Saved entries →
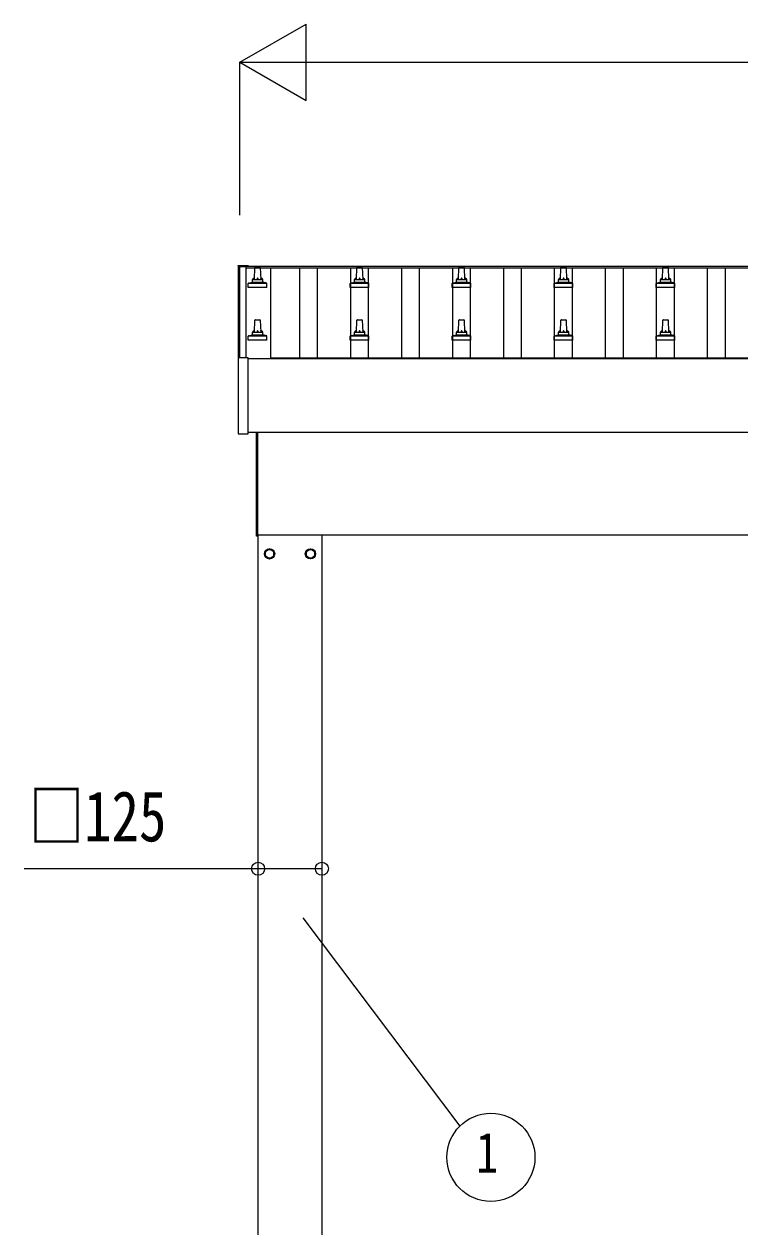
# Model space of a CAD drawing. Units: millimetres, scale not verified. Extents: x -12615 to 12615, y -8910 to 8910.
# Drawn here: x -11106 to -9703, y -2822 to -462 of the extents above; entities that cross this region are included whole.
import ezdxf
from ezdxf.enums import TextEntityAlignment as Align

# ---------------------------------------------------------------- set-up
doc = ezdxf.new("R2010")
doc.units = ezdxf.units.MM
doc.header["$LTSCALE"] = 40
for name, color, linetype in [('0-4_YKK_13', 4, 'Continuous'), ('0-5_YKK_A1', 4, 'Continuous'), ('0-6_YKK_D', 6, 'Continuous')]:
    doc.layers.add(name, color=color, linetype=linetype)
doc.styles.add('ＭＳ ゴシック', font='')
doc.styles.get('ＭＳ ゴシック').set_extended_font_data('MS Gothic')

msp = doc.modelspace()

# ---------------------------------------------------------------- linework, layer by layer
at = {"layer": '0-4_YKK_13'}
for p, q in [((-10686.74, -935.89), (-10686.74, -936.49)), ((-10686.74, -936.49), (-10686.74, -1116.95)), ((-10685.74, -935.37), (-10667.74, -935.37)), ((-10666.74, -936.49), (-10666.74, -935.89)), ((-10666.74, -936.55), (-10666.74, -936.49)), ((-10654.44, -963.07), (-10653.71, -939.55)), ((-10652.71, -938.57), (-10644.17, -938.57)), ((-10643.17, -939.55), (-10642.44, -963.07)), ((-10454.44, -963.07), (-10453.71, -939.55)), ((-10452.71, -938.57), (-10444.17, -938.57)), ((-10443.17, -939.55), (-10442.44, -963.07)), ((-10254.44, -963.07), (-10253.71, -939.55)), ((-10252.71, -938.57), (-10244.17, -938.57)), ((-10243.17, -939.55), (-10242.44, -963.07)), ((-10054.44, -963.07), (-10053.71, -939.55)), ((-10052.71, -938.57), (-10044.17, -938.57)), ((-10043.17, -939.55), (-10042.44, -963.07)), ((-9854.44, -963.07), (-9853.71, -939.55)), ((-9852.71, -938.57), (-9844.17, -938.57)), ((-9843.17, -939.55), (-9842.44, -963.07)), ((-10658.44, -967.29), (-10658.44, -963.07)), ((-10657.44, -963.07), (-10639.44, -963.07)), ((-10638.44, -967.29), (-10638.44, -963.07)), ((-10458.44, -967.29), (-10458.44, -963.07)), ((-10457.44, -963.07), (-10439.44, -963.07)), ((-10438.44, -967.29), (-10438.44, -963.07)), ((-10258.44, -967.29), (-10258.44, -963.07)), ((-10257.44, -963.07), (-10239.44, -963.07)), ((-10238.44, -967.29), (-10238.44, -963.07)), ((-10058.44, -967.29), (-10058.44, -963.07)), ((-10057.44, -963.07), (-10039.44, -963.07)), ((-10038.44, -967.29), (-10038.44, -963.07)), ((-9858.44, -967.29), (-9858.44, -963.07)), ((-9857.44, -963.07), (-9839.44, -963.07)), ((-9838.44, -967.29), (-9838.44, -963.07)), ((-10666.69, -978.57), (-10666.69, -970.86)), ((-10630.19, -978.57), (-10666.69, -978.57)), ((-10666.31, -970.07), (-10630.57, -970.07)), ((-10665.93, -969.89), (-10659.2, -968.26)), ((-10658.82, -968.07), (-10638.06, -968.07)), ((-10630.95, -969.89), (-10637.68, -968.26)), ((-10630.19, -978.57), (-10630.19, -970.86)), ((-10466.69, -978.57), (-10466.69, -970.86)), ((-10430.19, -978.57), (-10466.69, -978.57)), ((-10466.31, -970.07), (-10430.57, -970.07)), ((-10465.93, -969.89), (-10459.2, -968.26)), ((-10458.82, -968.07), (-10438.06, -968.07)), ((-10430.95, -969.89), (-10437.68, -968.26)), ((-10430.19, -978.57), (-10430.19, -970.86)), ((-10266.69, -978.57), (-10266.69, -970.86)), ((-10230.19, -978.57), (-10266.69, -978.57)), ((-10266.31, -970.07), (-10230.57, -970.07)), ((-10265.93, -969.89), (-10259.2, -968.26)), ((-10258.82, -968.07), (-10238.06, -968.07)), ((-10230.95, -969.89), (-10237.68, -968.26)), ((-10230.19, -978.57), (-10230.19, -970.86)), ((-10066.69, -978.57), (-10066.69, -970.86)), ((-10030.19, -978.57), (-10066.69, -978.57)), ((-10066.31, -970.07), (-10030.57, -970.07)), ((-10065.93, -969.89), (-10059.2, -968.26)), ((-10058.82, -968.07), (-10038.06, -968.07)), ((-10030.95, -969.89), (-10037.68, -968.26)), ((-10030.19, -978.57), (-10030.19, -970.86)), ((-9866.69, -978.57), (-9866.69, -970.86)), ((-9830.19, -978.57), (-9866.69, -978.57)), ((-9866.31, -970.07), (-9830.57, -970.07)), ((-9865.93, -969.89), (-9859.2, -968.26)), ((-9858.82, -968.07), (-9838.06, -968.07)), ((-9830.95, -969.89), (-9837.68, -968.26)), ((-9830.19, -978.57), (-9830.19, -970.86)), ((-10654.44, -1066.41), (-10653.71, -1042.88)), ((-10652.71, -1041.91), (-10644.17, -1041.91)), ((-10643.17, -1042.88), (-10642.44, -1066.41)), ((-10454.44, -1066.41), (-10453.71, -1042.88)), ((-10452.71, -1041.91), (-10444.17, -1041.91)), ((-10443.17, -1042.88), (-10442.44, -1066.41)), ((-10254.44, -1066.41), (-10253.71, -1042.88)), ((-10252.71, -1041.91), (-10244.17, -1041.91)), ((-10243.17, -1042.88), (-10242.44, -1066.41)), ((-10054.44, -1066.41), (-10053.71, -1042.88)), ((-10052.71, -1041.91), (-10044.17, -1041.91)), ((-10043.17, -1042.88), (-10042.44, -1066.41)), ((-9854.44, -1066.41), (-9853.71, -1042.88)), ((-9852.71, -1041.91), (-9844.17, -1041.91)), ((-9843.17, -1042.88), (-9842.44, -1066.41)), ((-10666.69, -1081.91), (-10666.69, -1074.19)), ((-10630.19, -1081.91), (-10666.69, -1081.91)), ((-10666.31, -1073.41), (-10630.57, -1073.41)), ((-10665.93, -1073.22), (-10659.2, -1071.59)), ((-10658.82, -1071.41), (-10638.06, -1071.41)), ((-10658.44, -1070.62), (-10658.44, -1066.41)), ((-10657.44, -1066.41), (-10639.44, -1066.41)), ((-10638.44, -1070.62), (-10638.44, -1066.41)), ((-10630.95, -1073.22), (-10637.68, -1071.59)), ((-10630.19, -1081.91), (-10630.19, -1074.19)), ((-10466.69, -1081.91), (-10466.69, -1074.19)), ((-10430.19, -1081.91), (-10466.69, -1081.91)), ((-10466.31, -1073.41), (-10430.57, -1073.41)), ((-10465.93, -1073.22), (-10459.2, -1071.59)), ((-10458.82, -1071.41), (-10438.06, -1071.41)), ((-10458.44, -1070.62), (-10458.44, -1066.41)), ((-10457.44, -1066.41), (-10439.44, -1066.41)), ((-10438.44, -1070.62), (-10438.44, -1066.41)), ((-10430.95, -1073.22), (-10437.68, -1071.59)), ((-10430.19, -1081.91), (-10430.19, -1074.19)), ((-10266.69, -1081.91), (-10266.69, -1074.19)), ((-10230.19, -1081.91), (-10266.69, -1081.91)), ((-10266.31, -1073.41), (-10230.57, -1073.41)), ((-10265.93, -1073.22), (-10259.2, -1071.59)), ((-10258.82, -1071.41), (-10238.06, -1071.41)), ((-10258.44, -1070.62), (-10258.44, -1066.41)), ((-10257.44, -1066.41), (-10239.44, -1066.41)), ((-10238.44, -1070.62), (-10238.44, -1066.41)), ((-10230.95, -1073.22), (-10237.68, -1071.59)), ((-10230.19, -1081.91), (-10230.19, -1074.19)), ((-10066.69, -1081.91), (-10066.69, -1074.19)), ((-10030.19, -1081.91), (-10066.69, -1081.91)), ((-10066.31, -1073.41), (-10030.57, -1073.41)), ((-10065.93, -1073.22), (-10059.2, -1071.59)), ((-10058.82, -1071.41), (-10038.06, -1071.41)), ((-10058.44, -1070.62), (-10058.44, -1066.41)), ((-10057.44, -1066.41), (-10039.44, -1066.41)), ((-10038.44, -1070.62), (-10038.44, -1066.41)), ((-10030.95, -1073.22), (-10037.68, -1071.59)), ((-10030.19, -1081.91), (-10030.19, -1074.19)), ((-9866.69, -1081.91), (-9866.69, -1074.19)), ((-9830.19, -1081.91), (-9866.69, -1081.91)), ((-9866.31, -1073.41), (-9830.57, -1073.41)), ((-9865.93, -1073.22), (-9859.2, -1071.59)), ((-9858.82, -1071.41), (-9838.06, -1071.41)), ((-9858.44, -1070.62), (-9858.44, -1066.41)), ((-9857.44, -1066.41), (-9839.44, -1066.41)), ((-9838.44, -1070.62), (-9838.44, -1066.41)), ((-9830.95, -1073.22), (-9837.68, -1071.59)), ((-9830.19, -1081.91), (-9830.19, -1074.19)), ((-10686.74, -1116.96), (-10686.74, -1264.96)), ((-10685.74, -1116.46), (-10686.24, -1116.46)), ((-10667.74, -1116.46), (-10685.74, -1116.46)), ((-10667.24, -1116.46), (-10667.74, -1116.46)), ((-10666.74, -1264.96), (-10666.74, -1116.96)), ((-10686.24, -1265.46), (-10667.24, -1265.46)), ((-10650.44, -1466.5), (-10650.44, -1262.83)), ((-10648.44, -1262.83), (-10648.44, -1466.5)), ((-10648.44, -1466.5), (-10650.44, -1466.5)), ((-10616.34, -1500.75), (-10616.44, -1500.75)), ((-10616.34, -1501.25), (-10616.44, -1501.25)), ((-10553.54, -1500.75), (-10553.44, -1500.75)), ((-10553.54, -1501.25), (-10553.44, -1501.25))]:
    msp.add_line(p, q, dxfattribs=at)
for points in [[(-10686.74, -935.89), (-10686.71, -935.7), (-10686.63, -935.57), (-10686.54, -935.49), (-10686.46, -935.43), (-10686.38, -935.4), (-10686.33, -935.39), (-10686.29, -935.39), (-10686.25, -935.38), (-10686.06, -935.37), (-10685.88, -935.37), (-10685.74, -935.37)], [(-10667.74, -935.37), (-10667.55, -935.37), (-10667.38, -935.37), (-10667.24, -935.38), (-10667.17, -935.39), (-10667.11, -935.4), (-10667.02, -935.44), (-10666.89, -935.54), (-10666.8, -935.67), (-10666.79, -935.69)]]:
    msp.add_lwpolyline(points, dxfattribs=at)
for points in [[(-10624.94, -1491.19), (-10633.44, -1496.09), (-10633.44, -1505.91), (-10624.94, -1510.81), (-10616.44, -1505.91), (-10616.44, -1496.09)], [(-10544.94, -1491.19), (-10536.44, -1496.09), (-10536.44, -1505.91), (-10544.94, -1510.81), (-10553.44, -1505.91), (-10553.44, -1496.09)]]:
    msp.add_lwpolyline(points, close=True, dxfattribs=at)
for centre, radius in [((-10624.94, -1501), 10), ((-10624.94, -1501), 8.5), ((-10544.94, -1501), 10), ((-10544.94, -1501), 8.5)]:
    msp.add_circle(centre, radius, dxfattribs=at)
for centre, radius, start, end in [((-10667.24, -935.89), 0.499, 0.00068, 23.5008), ((-10652.71, -939.57), 1, 90, 178.60509), ((-10644.17, -939.57), 1, 1.39491, 90), ((-10452.71, -939.57), 1, 90, 178.60509), ((-10444.17, -939.57), 1, 1.39491, 90), ((-10252.71, -939.57), 1, 90, 178.60509), ((-10244.17, -939.57), 1, 1.39491, 90), ((-10052.71, -939.57), 1, 90, 178.60509), ((-10044.17, -939.57), 1, 1.39491, 90), ((-9852.71, -939.57), 1, 90, 178.60509), ((-9844.17, -939.57), 1, 1.39491, 90), ((-10659.44, -967.29), 1, 283.62699, 0), ((-10654.36, -963.71), 4.13, 90, 171.17633), ((-10657.44, -964.07), 1, 90, 180), ((-10645.11, -963.07), 4.83, 133.60282, 180), ((-10651.77, -963.07), 4.83, 0, 46.39718), ((-10642.53, -963.71), 4.13, 8.82367, 90), ((-10639.44, -964.07), 1, 0, 90), ((-10637.44, -967.29), 1, 180, 256.37301), ((-10459.44, -967.29), 1, 283.62699, 0), ((-10454.36, -963.71), 4.13, 90, 171.17633), ((-10457.44, -964.07), 1, 90, 180), ((-10445.11, -963.07), 4.83, 133.60282, 180), ((-10451.77, -963.07), 4.83, 0, 46.39718), ((-10442.53, -963.71), 4.13, 8.82367, 90), ((-10439.44, -964.07), 1, 0, 90), ((-10437.44, -967.29), 1, 180, 256.37301), ((-10259.44, -967.29), 1, 283.62699, 0), ((-10254.36, -963.71), 4.13, 90, 171.17633), ((-10257.44, -964.07), 1, 90, 180), ((-10245.11, -963.07), 4.83, 133.60282, 180), ((-10251.77, -963.07), 4.83, 0, 46.39718), ((-10242.53, -963.71), 4.13, 8.82367, 90), ((-10239.44, -964.07), 1, 0, 90), ((-10237.44, -967.29), 1, 180, 256.37301), ((-10059.44, -967.29), 1, 283.62699, 0), ((-10054.36, -963.71), 4.13, 90, 171.17633), ((-10057.44, -964.07), 1, 90, 180), ((-10045.11, -963.07), 4.83, 133.60282, 180), ((-10051.77, -963.07), 4.83, 0, 46.39718), ((-10042.53, -963.71), 4.13, 8.82367, 90), ((-10039.44, -964.07), 1, 0, 90), ((-10037.44, -967.29), 1, 180, 256.37301), ((-9859.44, -967.29), 1, 283.62699, 0), ((-9854.36, -963.71), 4.13, 90, 171.17633), ((-9857.44, -964.07), 1, 90, 180), ((-9845.11, -963.07), 4.83, 133.60282, 180), ((-9851.77, -963.07), 4.83, 0, 46.39718), ((-9842.53, -963.71), 4.13, 8.82367, 90), ((-9839.44, -964.07), 1, 0, 90), ((-9837.44, -967.29), 1, 180, 256.37301), ((-10665.69, -970.86), 1, 103.62699, 180), ((-10631.19, -970.86), 1, 0, 76.37301), ((-10465.69, -970.86), 1, 103.62699, 180), ((-10431.19, -970.86), 1, 0, 76.37301), ((-10265.69, -970.86), 1, 103.62699, 180), ((-10231.19, -970.86), 1, 0, 76.37301), ((-10065.69, -970.86), 1, 103.62699, 180), ((-10031.19, -970.86), 1, 0, 76.37301), ((-9865.69, -970.86), 1, 103.62699, 180), ((-9831.19, -970.86), 1, 0, 76.37301), ((-10652.71, -1042.91), 1, 90, 178.60509), ((-10644.17, -1042.91), 1, 1.39491, 90), ((-10452.71, -1042.91), 1, 90, 178.60509), ((-10444.17, -1042.91), 1, 1.39491, 90), ((-10252.71, -1042.91), 1, 90, 178.60509), ((-10244.17, -1042.91), 1, 1.39491, 90), ((-10052.71, -1042.91), 1, 90, 178.60509), ((-10044.17, -1042.91), 1, 1.39491, 90), ((-9852.71, -1042.91), 1, 90, 178.60509), ((-9844.17, -1042.91), 1, 1.39491, 90), ((-10665.69, -1074.19), 1, 103.62699, 180), ((-10659.44, -1070.62), 1, 283.62699, 0), ((-10654.36, -1067.04), 4.13, 90, 171.17633), ((-10657.44, -1067.41), 1, 90, 180), ((-10645.11, -1066.41), 4.83, 133.60282, 180), ((-10651.77, -1066.41), 4.83, 0, 46.39718), ((-10642.53, -1067.04), 4.13, 8.82367, 90), ((-10639.44, -1067.41), 1, 0, 90), ((-10637.44, -1070.62), 1, 180, 256.37301), ((-10631.19, -1074.19), 1, 0, 76.37301), ((-10465.69, -1074.19), 1, 103.62699, 180), ((-10459.44, -1070.62), 1, 283.62699, 0), ((-10454.36, -1067.04), 4.13, 90, 171.17633), ((-10457.44, -1067.41), 1, 90, 180), ((-10445.11, -1066.41), 4.83, 133.60282, 180), ((-10451.77, -1066.41), 4.83, 0, 46.39718), ((-10442.53, -1067.04), 4.13, 8.82367, 90), ((-10439.44, -1067.41), 1, 0, 90), ((-10437.44, -1070.62), 1, 180, 256.37301), ((-10431.19, -1074.19), 1, 0, 76.37301), ((-10265.69, -1074.19), 1, 103.62699, 180), ((-10259.44, -1070.62), 1, 283.62699, 0), ((-10254.36, -1067.04), 4.13, 90, 171.17633), ((-10257.44, -1067.41), 1, 90, 180), ((-10245.11, -1066.41), 4.83, 133.60282, 180), ((-10251.77, -1066.41), 4.83, 0, 46.39718), ((-10242.53, -1067.04), 4.13, 8.82367, 90), ((-10239.44, -1067.41), 1, 0, 90), ((-10237.44, -1070.62), 1, 180, 256.37301), ((-10231.19, -1074.19), 1, 0, 76.37301), ((-10065.69, -1074.19), 1, 103.62699, 180), ((-10059.44, -1070.62), 1, 283.62699, 0), ((-10054.36, -1067.04), 4.13, 90, 171.17633), ((-10057.44, -1067.41), 1, 90, 180), ((-10045.11, -1066.41), 4.83, 133.60282, 180), ((-10051.77, -1066.41), 4.83, 0, 46.39718), ((-10042.53, -1067.04), 4.13, 8.82367, 90), ((-10039.44, -1067.41), 1, 0, 90), ((-10037.44, -1070.62), 1, 180, 256.37301), ((-10031.19, -1074.19), 1, 0, 76.37301), ((-9865.69, -1074.19), 1, 103.62699, 180), ((-9859.44, -1070.62), 1, 283.62699, 0), ((-9854.36, -1067.04), 4.13, 90, 171.17633), ((-9857.44, -1067.41), 1, 90, 180), ((-9845.11, -1066.41), 4.83, 133.60282, 180), ((-9851.77, -1066.41), 4.83, 0, 46.39718), ((-9842.53, -1067.04), 4.13, 8.82367, 90), ((-9839.44, -1067.41), 1, 0, 90), ((-9837.44, -1070.62), 1, 180, 256.37301), ((-9831.19, -1074.19), 1, 0, 76.37301), ((-10686.24, -1116.96), 0.5, 90, 180), ((-10667.24, -1116.96), 0.5, 0, 90), ((-10686.24, -1264.96), 0.5, 180, 270), ((-10667.24, -1264.96), 0.5, 270, 0), ((-10624.94, -1501), 8.6, 171.25399, 188.74601), ((-10624.94, -1501), 8.6, 111.25399, 128.74601), ((-10624.94, -1501), 8.6, 231.25399, 248.74601), ((-10624.94, -1501), 8.6, 51.25399, 68.74601), ((-10624.94, -1501), 8.6, 291.25399, 308.74601), ((-10624.94, -1501), 8.6, 1.66581, 8.74601), ((-10624.94, -1501), 8.6, 351.25399, 358.33419), ((-10544.94, -1501), 8.6, 171.25399, 178.33419), ((-10544.94, -1501), 8.6, 181.66581, 188.74601), ((-10544.94, -1501), 8.6, 111.25399, 128.74601), ((-10544.94, -1501), 8.6, 231.25399, 248.74601), ((-10544.94, -1501), 8.6, 51.25399, 68.74601), ((-10544.94, -1501), 8.6, 291.25399, 308.74601), ((-10544.94, -1501), 8.6, 351.25399, 8.74601)]:
    msp.add_arc(centre, radius, start, end, dxfattribs=at)
at = {"layer": '0-5_YKK_A1'}
for p, q in [((-10683.44, -937.52), (-10671.44, -937.52)), ((-10683.44, -1116.46), (-10683.44, -937.52)), ((-10671.44, -936.55), (-5225.44, -936.55)), ((-10671.44, -936.55), (-10671.44, -940.14)), ((-10671.44, -937.52), (-10671.44, -1116.46)), ((-10671.44, -940.14), (-5225.44, -940.14)), ((-10623.44, -940.14), (-10623.44, -1116.4)), ((-10565.94, -1116.16), (-10565.94, -940.14)), ((-10530.94, -1116.16), (-10530.94, -940.14)), ((-10465.94, -1116.16), (-10465.94, -940.14)), ((-10430.94, -1116.16), (-10430.94, -940.14)), ((-10365.94, -1116.16), (-10365.94, -940.14)), ((-10330.94, -1116.16), (-10330.94, -940.14)), ((-10265.94, -1116.16), (-10265.94, -940.14)), ((-10230.94, -1116.16), (-10230.94, -940.14)), ((-10165.94, -1116.16), (-10165.94, -940.14)), ((-10130.94, -1116.16), (-10130.94, -940.14)), ((-10065.94, -1116.16), (-10065.94, -940.14)), ((-10030.94, -1116.16), (-10030.94, -940.14)), ((-9965.94, -1116.16), (-9965.94, -940.14)), ((-9930.94, -1116.16), (-9930.94, -940.14)), ((-9865.94, -1116.16), (-9865.94, -940.14)), ((-9830.94, -1116.16), (-9830.94, -940.14)), ((-9765.94, -1116.16), (-9765.94, -940.14)), ((-9730.94, -1116.16), (-9730.94, -940.14)), ((-10666.74, -1117.96), (-5230.14, -1117.96)), ((-10623.44, -1116.4), (-5225.44, -1116.4)), ((-5230.14, -1262.83), (-10666.74, -1262.83)), ((-10648.44, -1464), (-5342.09, -1464)), ((-10647.44, -4264), (-10647.44, -1464)), ((-10522.44, -1464), (-10522.44, -4264))]:
    msp.add_line(p, q, dxfattribs=at)
at = {"layer": '0-6_YKK_D'}
for p, q in [((-10683.44, -536.55), (-10553.54, -461.55)), ((-10553.54, -611.55), (-10553.54, -461.55)), ((-10683.44, -836.55), (-10683.44, -535.55)), ((-10683.44, -536.55), (-10553.54, -611.55)), ((-10683.44, -536.55), (-10423.63, -536.55)), ((-10533.44, -536.55), (-5363.44, -536.55)), ((-10647.44, -2119), (-10647.44, -2120)), ((-10559.87, -2215.25), (-10251.91, -2623.92))]:
    msp.add_line(p, q, dxfattribs=at)
msp.add_lwpolyline([(-10522.44, -2119), (-10647.44, -2119), (-11106.44, -2119)], dxfattribs=at)
for centre, radius in [((-10647.44, -2119), 12.75), ((-10522.44, -2119), 12.75), ((-10191.04, -2685.24), 86.4)]:
    msp.add_circle(centre, radius, dxfattribs=at)

# ---------------------------------------------------------------- texts
at = {"layer": '0-6_YKK_D', "style": 'ＭＳ ゴシック', "width": 0.8}
for s, height, p in [('□125', 98.97, (-11096.84, -2095)), ('1', 79.18, (-10219.84, -2739.24))]:
    msp.add_text(s, height=height, dxfattribs=at).set_placement(p, align=Align.BOTTOM_LEFT)

doc.saveas('drawing.dxf')

ASSIGNED TASK →
Reproduce only the lines between the line containing "for s, height, p" and the last line of the records, those two lines included, exactly.

EXERCISE ANSWER →
for s, height, p in [('□125', 98.97, (-11096.84, -2095)), ('1', 79.18, (-10219.84, -2739.24))]:
    msp.add_text(s, height=height, dxfattribs=at).set_placement(p, align=Align.BOTTOM_LEFT)

doc.saveas('drawing.dxf')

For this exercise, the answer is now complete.